General information
Instructor: Wouter van Limbeek
Office: SEO 511
Email: wouter@uic.edu
Book: John M. Lee's Introduction to Smooth Manifolds. Available for free download from the UIC Library here.
Other recommended sources (in no particular order):
1. Guillemin, Pollack: Differential topology.
2. Milnor: Topology from the Differentiable Viewpoint.
3. Hirsch: Differential Topology.
Grades: Blackboard.
Syllabus: Download.
Lectures: MWF, 900-950 AM in AH 303.
Office hours: M, 4-5 pm and T 2-3 pm.
Exams
Midterm: 3/4, in class. Material up to Transversality (p. 143).
Final: 5/5, 1030 am - 1230 pm, AH 303.
Material of the final : Chapters 1-17 of the textbook, except the following sections:
Categories and Functors (in Ch. 3), Group Actions and Equivariant Maps (in Ch. 7),
Time-Dependent Vector Fields and First-Order PDEs (in Ch. 9), Riemannian Metrics (entire Ch. 13), Riemannian Volume Form (in Ch. 15),
Manifolds with Corners, Integration on Riemannian Manifolds, Densities (in Ch. 16), Proof of the Mayer-Vietoris Theorem (in Ch. 17).
Assignments
Due : Beginning of class on date listed on Gradescope.Note: Deadlines are hard deadlines due to posting of solutions.
Numbers refer to end-of-chapter problems in the textbook, NOT mid-chapter exercises.
Homework 1 (due 1/21, solutions): 1-1, 1-3 (you may use Prop. A.16), 1-6, 1-7, 1-9, 1-11.
Homework 2 (due 1/28, solutions): 2-2 (see also Exs 1.8 and 1.34), 2-3, 3-1, 3-6, 3-8 (see p. 72 for definition of velocities and 3.23 for surjectivity).
Homework 3 (due 2/4, solutions): 2-7, 2-10, 2-14, 3-2, 3-3, 3-4.
Homework 4 (due 2/11, solutions): 4-2, 4-4, 4-5(a) (you only need to prove submersivity), 4-6, 4-9, 4-13.
Homework 5 (due 2/18, solutions): 5-1, 5-5, 5-6, 5-10, 5-23, 6-1.
Homework 6 (due 2/25, solutions): 6-2, 6-7 (only the part about 6.26), 6-10, 6-13(a), 6-16(d).
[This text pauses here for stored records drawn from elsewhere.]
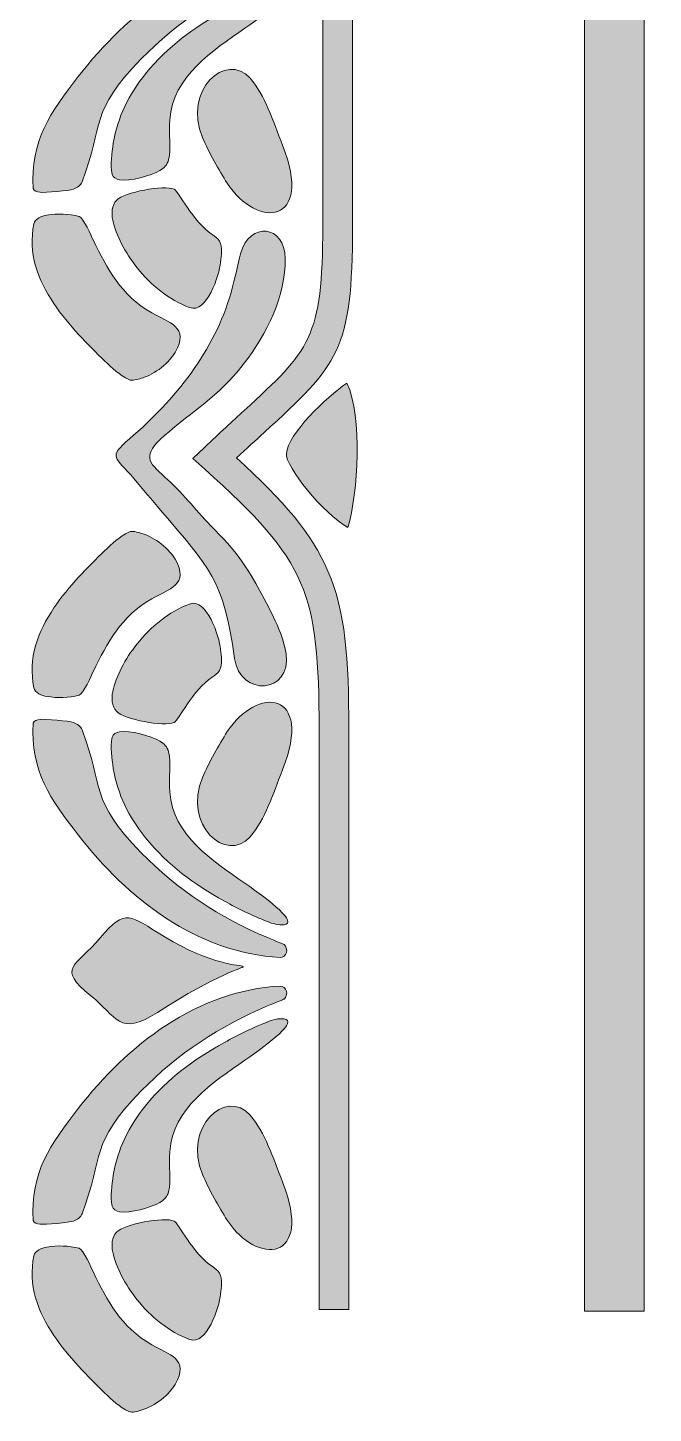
# Model space of a CAD drawing. Header units: inches. Extents: x -181 to 777, y -58 to 900.
# Drawn here: x 683.1 to 777.1, y -57.6 to 150.8 of the extents above; entities that cross this region are included whole.
import ezdxf

# ---------------------------------------------------------------- set-up
doc = ezdxf.new("R2010")
doc.units = ezdxf.units.IN
doc.header["$MEASUREMENT"] = 0
doc.layers.add('图层 1', color=7, linetype='Continuous')

# ---------------------------------------------------------------- blocks, each defined once
blk = doc.blocks.new('block 9')
at = {"layer": '图层 1', "true_color": 0xffffff}
h = blk.add_hatch(color=7, dxfattribs=at)
h.dxf.hatch_style = 2
edge = h.paths.add_edge_path()
edge.add_spline(control_points=[(721.95, 161.09), (721.83, 161.47), (721.41, 161.86), (721.01, 161.84), (708.5, 161.14), (698.1, 153.02), (690.65, 143.41), (686.49, 138.05), (683.43, 133.76), (683.9, 126.59), (683.93, 126.2), (684.54, 126.07), (684.93, 126.02), (685.58, 125.96), (689.38, 126.27), (689.96, 126.49), (690.5, 126.7), (691.07, 127.08), (691.26, 127.61), (694.57, 136.5), (692.26, 137.96), (700.13, 146.07), (705.52, 151.65), (711.96, 155.84), (719.1, 158.84), (720.42, 159.39), (721.56, 159.86), (721.58, 159.88), (721.88, 160.16), (722.06, 160.68), (721.95, 161.09)], knot_values=[0, 0, 0, 0, 1, 1, 1, 2, 2, 2, 3, 3, 3, 4, 4, 4, 5, 5, 5, 6, 6, 6, 7, 7, 7, 8, 8, 8, 9, 9, 9, 10, 10, 10, 10], degree=3, periodic=1)
h = blk.add_hatch(color=7, dxfattribs=at)
h.dxf.hatch_style = 2
edge = h.paths.add_edge_path()
edge.add_spline(control_points=[(696.86, 127.89), (696.41, 127.98), (695.82, 128.27), (695.75, 128.73), (695.48, 130.26), (695.67, 131.86), (695.93, 133.39), (696.59, 137.35), (698.24, 140.73), (700.78, 143.84), (704.24, 148.09), (707.89, 150.7), (712.63, 153.35), (714.7, 154.51), (716.85, 155.55), (719.05, 156.43), (719.85, 156.74), (720.73, 157), (721.58, 156.89), (723.77, 156.61), (719.49, 153.32), (715.71, 150.68), (710.83, 147.28), (704.9, 143.51), (704.42, 136.94), (704.26, 134.74), (704.64, 132.7), (704.23, 130.88), (704.08, 130.21), (703.52, 129.64), (702.93, 129.29), (701.61, 128.53), (698.41, 127.62), (696.86, 127.89)], knot_values=[0, 0, 0, 0, 1, 1, 1, 2, 2, 2, 3, 3, 3, 4, 4, 4, 5, 5, 5, 6, 6, 6, 7, 7, 7, 8, 8, 8, 9, 9, 9, 10, 10, 10, 11, 11, 11, 11], degree=3, periodic=1)
h = blk.add_hatch(color=7, dxfattribs=at)
h.dxf.hatch_style = 2
edge = h.paths.add_edge_path()
edge.add_spline(control_points=[(707.4, 108.69), (704.28, 109.86), (701.55, 112.1), (699.51, 114.66), (697.66, 116.99), (696.36, 119.56), (695.84, 121.83), (695.61, 122.81), (695.71, 124.08), (696.4, 124.81), (697.56, 126.06), (703.54, 127.13), (705.07, 126.49), (705.67, 126.24), (707.89, 121.6), (710.78, 119.7), (711.23, 119.41), (711.64, 119.1), (711.87, 118.66), (712.37, 117.72), (712.19, 116.55), (712.06, 115.49), (711.83, 113.56), (710, 107.7), (707.4, 108.69)], knot_values=[0, 0, 0, 0, 1, 1, 1, 2, 2, 2, 3, 3, 3, 4, 4, 4, 5, 5, 5, 6, 6, 6, 7, 7, 7, 8, 8, 8, 8], degree=3, periodic=1)
h = blk.add_hatch(color=7, dxfattribs=at)
h.dxf.hatch_style = 2
edge = h.paths.add_edge_path()
edge.add_spline(control_points=[(700.13, 98.05), (699.52, 97.89), (698.82, 97.6), (698.26, 97.87), (696.88, 98.52), (695.71, 99.6), (694.62, 100.67), (692.14, 103.1), (689.21, 106.01), (687.01, 109.28), (684.59, 112.86), (683.07, 116.89), (684, 121.27), (684.15, 122.04), (685.17, 122.45), (685.95, 122.58), (687.55, 122.85), (689.24, 122.81), (690.8, 122.39), (691.45, 122.21), (692.59, 119.48), (692.93, 118.79), (695.03, 114.57), (697.06, 110.53), (701.7, 107.91), (704.24, 106.48), (707.46, 105.75), (705.22, 101.93), (704.06, 99.95), (701.62, 98.45), (700.13, 98.05)], knot_values=[0, 0, 0, 0, 1, 1, 1, 2, 2, 2, 3, 3, 3, 4, 4, 4, 5, 5, 5, 6, 6, 6, 7, 7, 7, 8, 8, 8, 9, 9, 9, 10, 10, 10, 10], degree=3, periodic=1)
at = {"layer": '图层 1', "lineweight": 0}
for points, knots in [([(721.95, 161.09), (721.83, 161.47), (721.41, 161.86), (721.01, 161.84), (708.5, 161.14), (698.1, 153.02), (690.65, 143.41), (686.49, 138.05), (683.43, 133.76), (683.9, 126.59), (683.93, 126.2), (684.54, 126.07), (684.93, 126.02), (685.58, 125.96), (689.38, 126.27), (689.96, 126.49), (690.5, 126.7), (691.07, 127.08), (691.26, 127.61), (694.57, 136.5), (692.26, 137.96), (700.13, 146.07), (705.52, 151.65), (711.96, 155.84), (719.1, 158.84), (720.42, 159.39), (721.56, 159.86), (721.58, 159.88), (721.88, 160.16), (722.06, 160.68), (721.95, 161.09)], [0, 0, 0, 0, 1, 1, 1, 2, 2, 2, 3, 3, 3, 4, 4, 4, 5, 5, 5, 6, 6, 6, 7, 7, 7, 8, 8, 8, 9, 9, 9, 10, 10, 10, 10]), ([(696.86, 127.89), (696.41, 127.98), (695.82, 128.27), (695.75, 128.73), (695.48, 130.26), (695.67, 131.86), (695.93, 133.39), (696.59, 137.35), (698.24, 140.73), (700.78, 143.84), (704.24, 148.09), (707.89, 150.7), (712.63, 153.35), (714.7, 154.51), (716.85, 155.55), (719.05, 156.43), (719.85, 156.74), (720.73, 157), (721.58, 156.89), (723.77, 156.61), (719.49, 153.32), (715.71, 150.68), (710.83, 147.28), (704.9, 143.51), (704.42, 136.94), (704.26, 134.74), (704.64, 132.7), (704.23, 130.88), (704.08, 130.21), (703.52, 129.64), (702.93, 129.29), (701.61, 128.53), (698.41, 127.62), (696.86, 127.89)], [0, 0, 0, 0, 1, 1, 1, 2, 2, 2, 3, 3, 3, 4, 4, 4, 5, 5, 5, 6, 6, 6, 7, 7, 7, 8, 8, 8, 9, 9, 9, 10, 10, 10, 11, 11, 11, 11]), ([(707.4, 108.69), (704.28, 109.86), (701.55, 112.1), (699.51, 114.66), (697.66, 116.99), (696.36, 119.56), (695.84, 121.83), (695.61, 122.81), (695.71, 124.08), (696.4, 124.81), (697.56, 126.06), (703.54, 127.13), (705.07, 126.49), (705.67, 126.24), (707.89, 121.6), (710.78, 119.7), (711.23, 119.41), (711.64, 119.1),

Homework 7 (due 3/11, solutions): 6-5, 6-9 (only the first question) 7-2, 7-4 (instead of B.3, you can also use that diagonalizable matrices are dense; the choice is yours), 8-1, 8-4, 8-16, 8-18.
Homework 8 (due 3/18, solutions): Read Ch. 12 up to `Tensors and Tensor Fields on Manifolds' (p. 316). In addition: 8-25 (Lie(G) is the Lie algebra of G; a Lie algebra is abelian if its bracket is trivial), 9-1(a), 9-6, 9-7, 9-16, 9-17.
Homework 9 (due 4/1), solutions): 10-6, 10-10, 10-15, 10-17, 11-5, 11-7(a), 11-14.
Homework 10 (due 4/8, solutions)): 11-15 (in (c), assume U = Rn), 11-17, 14-1, 14-5, 14-6 (for (b), only do the computation in spherical coordinates), 14-7(a) (use the computation from 11-7(a)), 14-9.
Homework 11 (due 4/15, solutions): 15-2, 15-3 (do not use 15-34), 15-4, 15-5 (only for TM), 15-10, 15-13 (you can use the statement of 15-12), 16-3(a) (for covering maps).
Homework 12 (due 4/22, solutions): 16-2, 16-4, 16-5 (assume M,N are closed), 16-9 (in (a), only show it is an orientation form on the sphere), 17-1, 17-4. Read Section `The Mayer-Vietoris Theorem' in Chapter 17.
Homework 13 (due 4/29, solutions): 17-8, 17-10, 17-12, 17-13.